When Guyville came out a couple of years later, Phair wasn't a full-fledged pop star — the album barely scratched the bottom of the Billboard Top 200 charts — but she was gaining steam. She'd was signed to the hip indie label Matador, and Guyville became one of its biggest hits, selling around 500,000 copies. Phair went into rotation on MTV and made the cover of Rolling Stone. Over time, Guyville took on a life of its own — gaining a mythic status that would go on to define her career.
"The girl that made that album — it feels like a different person," Phair says today. "It feels like me, but not me."
That tension is at the heart of the vicious backlash Phair later faced. In 2003, she released her self-titled album featuring the Top 40 hit "Why Can't I." Her early fans accused her of selling out and the album received a rare 0.0 rating from the online music magazine Pitchfork.
But Powers argues the Girly-Sound tapes show that Phair always had a sense of pop, and they offer a look at how that sensibility developed over time.

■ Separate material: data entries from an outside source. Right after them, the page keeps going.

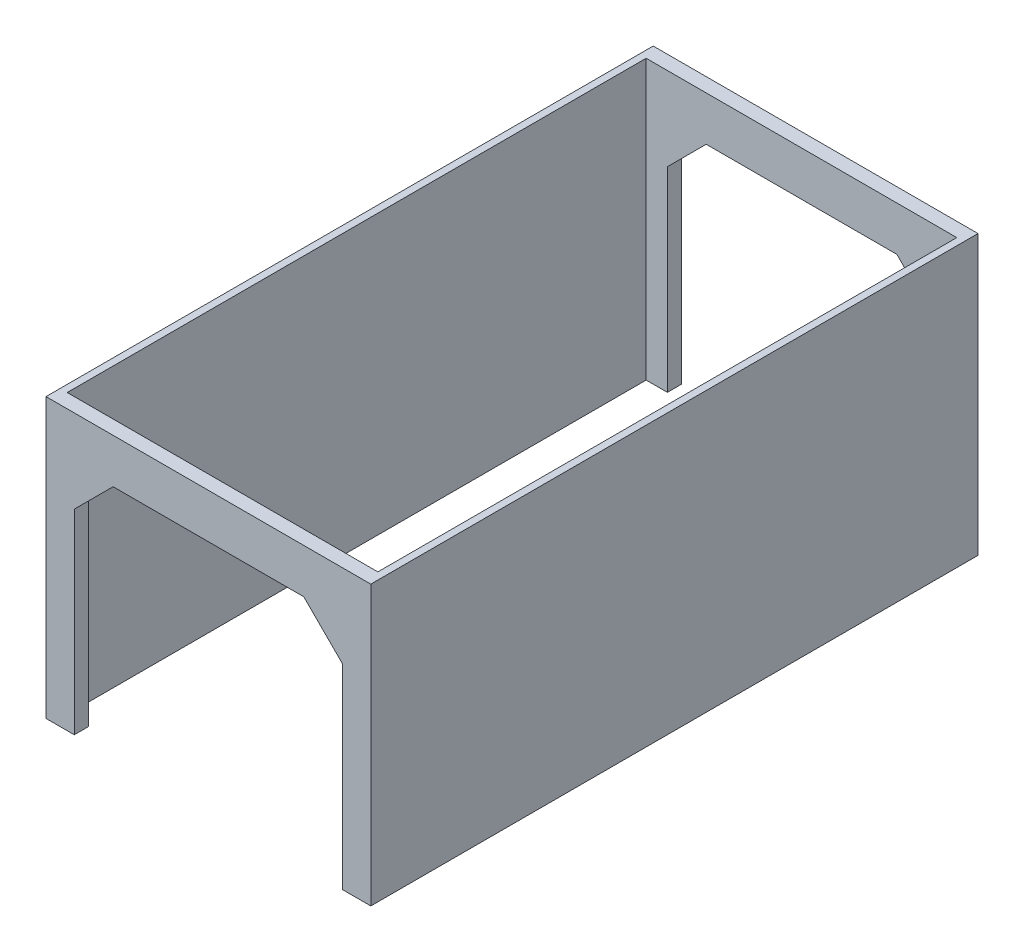
SolidWorks part; units mm, degrees
ref_plane "Front Plane" through (0, 0, 0) normal (0, 0, 1) x (1, 0, 0)
ref_plane "Top Plane" through (0, 0, 0) normal (0, 1, 0) x (1, 0, 0)
ref_plane "Right Plane" through (0, 0, 0) normal (1, 0, 0) x (0, 0, -1)
sketch "Sketch1" plane through (0, 0, 0) normal (0, 0, 1) x (1, 0, 0)
  line L0 (0, 122) -> (230, 122)
  line L1 (0, 122) -> (0, 0)
  line L2 (0, 0) -> (50, 0)
  line L5 (50, 30) -> (28.532, 30)
  line L8 (20.032, 63) -> (47.532, 90.5)
  line L9 (47.532, 90.5) -> (182.5591, 90.5)
  line L10 (115, 122) -> (115, -49.5124) construction
  line L11 (210.0591, 63) -> (182.5591, 90.5)
  line L12 (210.0591, 38.5) -> (210.0591, 63)
  line L14 (201.468, 30) -> (201.5591, 30)
  line L17 (230, 0) -> (180, 0)
  line L18 (230, 122) -> (230, 0)
  line L21 (50, 30) -> (50, 0)
  line L22 (180, 30) -> (180, 0)
  line L23 (20.032, 63) -> (20.032, 38.5)
  line L24 (20.032, 38.5) -> (28.532, 38.5)
  line L25 (28.532, 38.5) -> (28.532, 30)
  line L26 (201.5591, 38.5) -> (201.5591, 30)
  line L27 (210.0591, 38.5) -> (201.5591, 38.5)
  line L28 (210.0591, 63) -> (210.0591, 38.5)
  line L29 (180, 30) -> (180, 0)
  line L30 (210.0591, 63) -> (182.5591, 90.5)
  line L31 (201.468, 30) -> (201.5591, 30)
  line L32 (230, 0) -> (180, 0)
  line L33 (230, 122) -> (230, 0)
  line L34 (201.468, 38.5) -> (201.468, 30)
  line L35 (209.968, 38.5) -> (201.468, 38.5)
  line L36 (209.968, 63) -> (209.968, 38.5)
  line L37 (180, 30) -> (180, 0)
  line L38 (182.468, 90.5) -> (47.4409, 90.5)
  line L39 (209.968, 63) -> (182.468, 90.5)
  line L40 (180, 30) -> (201.468, 30)
  line L41 (230, 0) -> (180, 0)
  line L42 (230, 122) -> (230, 0)
  point P15 (115.0455, 90.5)
  dimension "D2" = 122
  dimension "D3" = 31.5
  dimension "D4" = 50
  dimension "D5" = 30
  dimension "D6" = 135
  dimension "D7" = 24.5
  dimension "D8" = 38.8909
  dimension "D9" = 8.5
  dimension "D10" = 135.0271
  dimension "D11" = 20.032
  dimension "D12" = 21.468
  dimension "D13" = 28.532
  dimension "D14" = 38.5
  dimension "D15" = 8.5
  dimension "D16" = 63
  dimension "D17" = 230
  dimension "D18" = 115.0455
  dimension "D19" = 90.5
  dimension "D20" = 2.468
  dimension "D22" = 47.532
extrude "Boss-Extrude5" add sketch "Sketch1" along normal blind 430 contours L0 L10 L38 L9 L11 L12 L27 L26 L14 L40 L22 L17 L18 | L10 L0 L1 L2 L21 L5 L25 L24 L23 L8 L9 region at (57.5, 120.3234, 0) region at (172.5, 120.3234, 0)
sketch "Sketch6" plane through (0, 122, 0) normal (0, 1, 0) x (1, 0, 0)
  line L1 (0, 0) -> (230, 0)
  line L2 (0, 0) -> (0, -430)
  line L3 (0, -430) -> (230, -430)
  line L4 (230, 0) -> (230, -430)
  line L5 (5, -10) -> (225, -10)
  line L6 (5, -10) -> (5, -420)
  line L7 (5, -420) -> (225, -420)
  line L8 (225, -10) -> (225, -420)
  dimension "D1" = 10
  dimension "D2" = 10
  dimension "D3" = 5
  dimension "D4" = 5
extrude "Cut-Extrude5" cut sketch "Sketch6" against normal blind 430 contours L6 L5 L8 L7
sketch "Sketch7" plane through (0, 0, 10) normal (0, 0, 1) x (1, 0, 0)
  line L0 (5, 0) -> (50, 0) construction
  line L1 (50, 30) -> (43, 30)
  line L2 (50, 30) -> (50, 0)
  line L3 (50, 0) -> (43, 0)
  line L4 (43, 30) -> (43, 0)
  line L5 (225, 0) -> (180, 0) construction
  line L6 (180, 30) -> (187, 30)
  line L7 (180, 30) -> (180, 0)
  line L8 (180, 0) -> (187, 0)
  line L9 (187, 30) -> (187, 0)
  dimension "D1" = 7
  dimension "D2" = 7
extrude "Boss-Extrude6" add sketch "Sketch7" along normal blind 30 contours L2 L1 L4 L3 | L7 L6 L9 L8
sketch "Sketch8" plane through (0, 0, 420) normal (0, 0, -1) x (-1, 0, 0)
  line L0 (-225, 0) -> (-180, 0) construction
  line L1 (-180, 30) -> (-187, 30)
  line L2 (-180, 30) -> (-180, 0)
  line L3 (-180, 0) -> (-187, 0)
  line L4 (-187, 30) -> (-187, 0)
  line L5 (-5, 0) -> (-50, 0) construction
  line L6 (-50, 30) -> (-43, 30)
  line L7 (-50, 30) -> (-50, 0)
  line L8 (-50, 0) -> (-43, 0)
  line L9 (-43, 30) -> (-43, 0)
  dimension "D1" = 7
  dimension "D2" = 7
extrude "Boss-Extrude7" add sketch "Sketch8" along normal blind 30
sketch "Sketch9" plane through (0, 0, 0) normal (0, -1, 0) x (1, 0, 0)
  line L0 (0, 0) -> (50, 0) construction
  line L1 (0, 430) -> (5, 430)
  line L2 (0, 430) -> (0, 0)
  line L3 (0, 0) -> (5, 0)
  line L4 (5, 420) -> (5, 10)
  line L6 (50, 430) -> (50, 390) construction
  line L7 (5, 430) -> (50, 430)
  line L9 (5, 420) -> (43, 420)
  line L10 (50, 430) -> (50, 420)
  line L11 (47.532, 420) -> (182.5591, 420) construction
  line L14 (43, 420) -> (43, 390)
  line L15 (43, 390) -> (50, 390)
  line L16 (50, 420) -> (50, 390)
  line L17 (5, 10) -> (43, 10)
  line L19 (5, 0) -> (50, 0)
  line L20 (50, 10) -> (50, 0)
  line L22 (43, 10) -> (43, 40)
  line L23 (43, 40) -> (50, 40)
  line L24 (50, 10) -> (50, 40)
  line L26 (225, 420) -> (225, 10)
  line L27 (225, 0) -> (230, 0)
  line L28 (230, 420) -> (230, 0)
  line L29 (187, 10) -> (225, 10)
  line L31 (187, 0) -> (230, 0)
  line L32 (230, 10) -> (230, 0)
  line L33 (180, 40) -> (187, 40)
  line L34 (180, 40) -> (180, 0)
  line L35 (180, 0) -> (187, 0)
  line L36 (187, 40) -> (187, 10)
  line L37 (225, 420) -> (187, 420)
  line L38 (230, 420) -> (230, 430)
  line L39 (230, 430) -> (180, 430)
  line L40 (180, 420) -> (180, 430)
  line L42 (187, 420) -> (187, 390)
  line L43 (187, 390) -> (180, 390)
  line L44 (180, 420) -> (180, 390)
  line M2 (5, 10) -> (5, 420)
  line M3 (5, 420) -> (43, 420)
  line M4 (43, 420) -> (43, 390)
  line M5 (43, 390) -> (50, 390)
  line M6 (50, 390) -> (50, 430)
  line M7 (50, 430) -> (0, 430)
  line M8 (0, 430) -> (0, 0)
  line M9 (0, 0) -> (50, 0)
  line M10 (50, 0) -> (50, 40)
  line M11 (50, 40) -> (43, 40)
  line M12 (43, 40) -> (43, 10)
  line M13 (43, 10) -> (5, 10)
  dimension "D1" = 5
extrude "Boss-Extrude8" add sketch "Sketch9" along normal blind 28 contours M13 M2 M3 M4 M5 M6 M7 M8 M9 M10 M11 M12 | L40 L44 L43 L42 L37 L26 L29 L36 L33 L34 L35 L31 L27 L28 L38 L39 region at (2.5, 0, 425.671) region at (206, 0, 424.329)
sketch "Sketch10" plane through (0, 0, 0) normal (0, 0, -1) x (-1, 0, 0)
  line L0 (-50, 30) -> (-28.532, 30)
  line L2 (-20.032, 38.5) -> (-20.032, -28)
  line L3 (-20.032, -28) -> (-50, -28)
  line L4 (-50, 30) -> (-50, -28)
  line L6 (-210.0591, 63) -> (-210.0591, -28)
  line L7 (-210.0591, -28) -> (-180, -28)
  line L8 (-180, 30) -> (-180, -28)
  line L10 (-20.032, 38.5) -> (-20.032, -28)
  line L11 (-20.032, -28) -> (-50, -28)
  line L12 (-50, 30) -> (-50, -28)
  line L14 (-50, 30) -> (-50, -28)
  line L15 (-50, -28) -> (-20.032, -28)
  line L16 (-20.032, 30) -> (-20.032, -28)
  line L17 (-28.532, 30) -> (-28.532, 38.5)
  line L18 (-28.532, 38.5) -> (-20.032, 38.5)
  line L19 (-210.0591, 38.5) -> (-201.5591, 38.5)
  line L20 (-201.5591, 38.5) -> (-201.5591, 30)
  line L21 (-201.5591, 30) -> (-180, 30)
  line L22 (-50, 30) -> (-28.532, 30)
  line M3 (-230, -28) -> (-180, -28)
  line M4 (-180, -28) -> (-180, 30)
  line M5 (-180, 30) -> (-201.5591, 30)
  line M6 (-201.5591, 30) -> (-201.5591, 38.5)
  line M7 (-201.5591, 38.5) -> (-210.0591, 38.5)
  line M13 (-20.032, 38.5) -> (-28.532, 38.5)
  line M14 (-28.532, 38.5) -> (-28.532, 30)
  line M15 (-28.532, 30) -> (-50, 30)
  line M16 (-50, 30) -> (-50, -28)
  line M17 (-50, -28) -> (0, -28)
extrude "Cut-Extrude6" cut sketch "Sketch10" against normal up to surface (430 mm away) contours L6 M7 M3 M4 M5 M6 | L2 L10 M13 M14 M15 M16 M17 region at (34.5876, 2.327, 0) region at (195.4585, 2.3231, 0) up to face at (115.0253, 39.6111, 430)
sketch "Sketch11" plane through (0, -28, 0) normal (0, -1, 0) x (1, 0, 0)
  line L1 (230, 0) -> (225, 0)
  line L2 (230, 0) -> (230, 420)
  line L4 (225, 10) -> (225, 420)
  line L5 (210.0591, 430) -> (230, 430)
  line L6 (210.0591, 430) -> (210.0591, 420)
  line L7 (210.0591, 420) -> (225, 420)
  line L8 (230, 430) -> (230, 420)
  line L9 (225, 0) -> (210.0591, 0)
  line L11 (225, 10) -> (210.0591, 10)
  line L12 (210.0591, 0) -> (210.0591, 10)
  line L14 (5, 10) -> (5, 420)
  line L15 (5, 430) -> (0, 430)
  line L16 (0, 10) -> (0, 430)
  line L17 (20.032, 420) -> (5, 420)
  line L18 (20.032, 420) -> (20.032, 430)
  line L19 (20.032, 430) -> (5, 430)
  line L21 (20.032, 0) -> (0, 0)
  line L22 (20.032, 0) -> (20.032, 10)
  line L23 (20.032, 10) -> (5, 10)
  line L24 (0, 0) -> (0, 10)
extrude "Boss-Extrude9" add sketch "Sketch11" along normal blind 38.4
sketch "Sketch12" plane through (0, 0, 0) normal (-1, 0, 0) x (0, 0, 1)
  line L0 (430, 122) -> (430, -66.4) construction
  line L1 (0, -66.4) -> (430, -66.4)
  line L2 (0, -66.4) -> (0, -60.4)
  line L3 (0, -60.4) -> (430, -60.4)
  line L4 (430, -66.4) -> (430, -60.4)
  dimension "D1" = 6
extrude "Cut-Extrude7" cut sketch "Sketch12" against normal blind 500
sketch "Sketch13" plane through (0, -60.4, 0) normal (0, -1, 0) x (1, 0, 0)
  line L1 (0, 430) -> (5, 430)
  line L2 (0, 430) -> (0, 10)
  line L3 (0, 10) -> (5, 10)
  line L4 (5, 430) -> (5, 10)
  line L5 (0, 0) -> (20.032, 0)
  line L6 (0, 0) -> (0, 10)
  line L7 (0, 10) -> (20.032, 10)
  line L8 (20.032, 0) -> (20.032, 10)
  line L9 (5, 420) -> (20.032, 420)
  line L10 (5, 420) -> (5, 430)
  line L11 (5, 430) -> (20.032, 430)
  line L12 (20.032, 420) -> (20.032, 430)
  line M1 (20.032, 0) -> (20.032, 10)
  line M2 (20.032, 10) -> (5, 10)
  line M3 (5, 10) -> (5, 420)
  line M4 (5, 420) -> (20.032, 420)
  line M5 (20.032, 420) -> (20.032, 430)
  line M6 (20.032, 430) -> (0, 430)
  line M7 (0, 430) -> (0, 0)
  line M8 (0, 0) -> (20.032, 0)
extrude "Boss-Extrude10" add sketch "Sketch13" along normal blind 15 contours L4 M6 M4 M5 | L4 L3 M6 M7 M3 | L3 M7 M8 M1 M2 region at (2.5, -60.4, 220) region at (12.516, -60.4, 425) region at (10.016, -60.4, 5)
sketch "Sketch14" plane through (0, -60.4, 0) normal (0, -1, 0) x (1, 0, 0)
  line L1 (230, 430) -> (225, 430)
  line L2 (230, 430) -> (230, 10)
  line L3 (230, 10) -> (225, 10)
  line L4 (225, 430) -> (225, 10)
  line L5 (230, 0) -> (210.0591, 0)
  line L6 (230, 0) -> (230, 10)
  line L7 (230, 10) -> (210.0591, 10)
  line L8 (210.0591, 0) -> (210.0591, 10)
  line L9 (230, 430) -> (210.0591, 430)
  line L10 (230, 430) -> (230, 420)
  line L11 (230, 420) -> (210.0591, 420)
  line L12 (210.0591, 430) -> (210.0591, 420)
  line M1 (230, 0) -> (230, 430)
  line M2 (230, 430) -> (210.0591, 430)
  line M3 (210.0591, 430) -> (210.0591, 420)
  line M4 (210.0591, 420) -> (225, 420)
  line M5 (225, 420) -> (225, 10)
  line M6 (225, 10) -> (210.0591, 10)
  line M7 (210.0591, 10) -> (210.0591, 0)
  line M8 (210.0591, 0) -> (230, 0)
extrude "Boss-Extrude11" add sketch "Sketch14" along normal blind 15 contours L4 M2 M3 M4 | L11 L2 L4 M2 | L11 L3 M1 M5 | L3 M1 M6 M7 M8 region at (227.5, -60.4, 425) region at (217.5295, -60.4, 425) region at (227.5, -60.4, 215) region at (220.0295, -60.4, 5)

"I always think it's really wrong when people say that after Exile in Guyville Liz Phair moved away from what she did best because she made records that were more connected to pop," Powers says. "This is what she always wanted to do — it was just about seizing the means of production and as those means became more accessible to her, she went for it."
Today, Guyville resonates in a new way. It was an album born of rage — a demand to be seen and heard — not unlike the conversations happening now with the #MeToo movement.
"I felt like 'Guyville' was back in force," says Phair. "I felt this instant connection to that feeling of, 'Hey! You will not silence me, and you will not shut me up.'"
While things are certainly better, the figurative "Guyville" of Phair's world exists in new forms today and, like Phair 25 years ago, women are still talking back.
"Women are finding their voices to say what their experience is and I think that's extremely parallel to what I was trying to do with that record," Phair says. "I was demanding a voice for myself."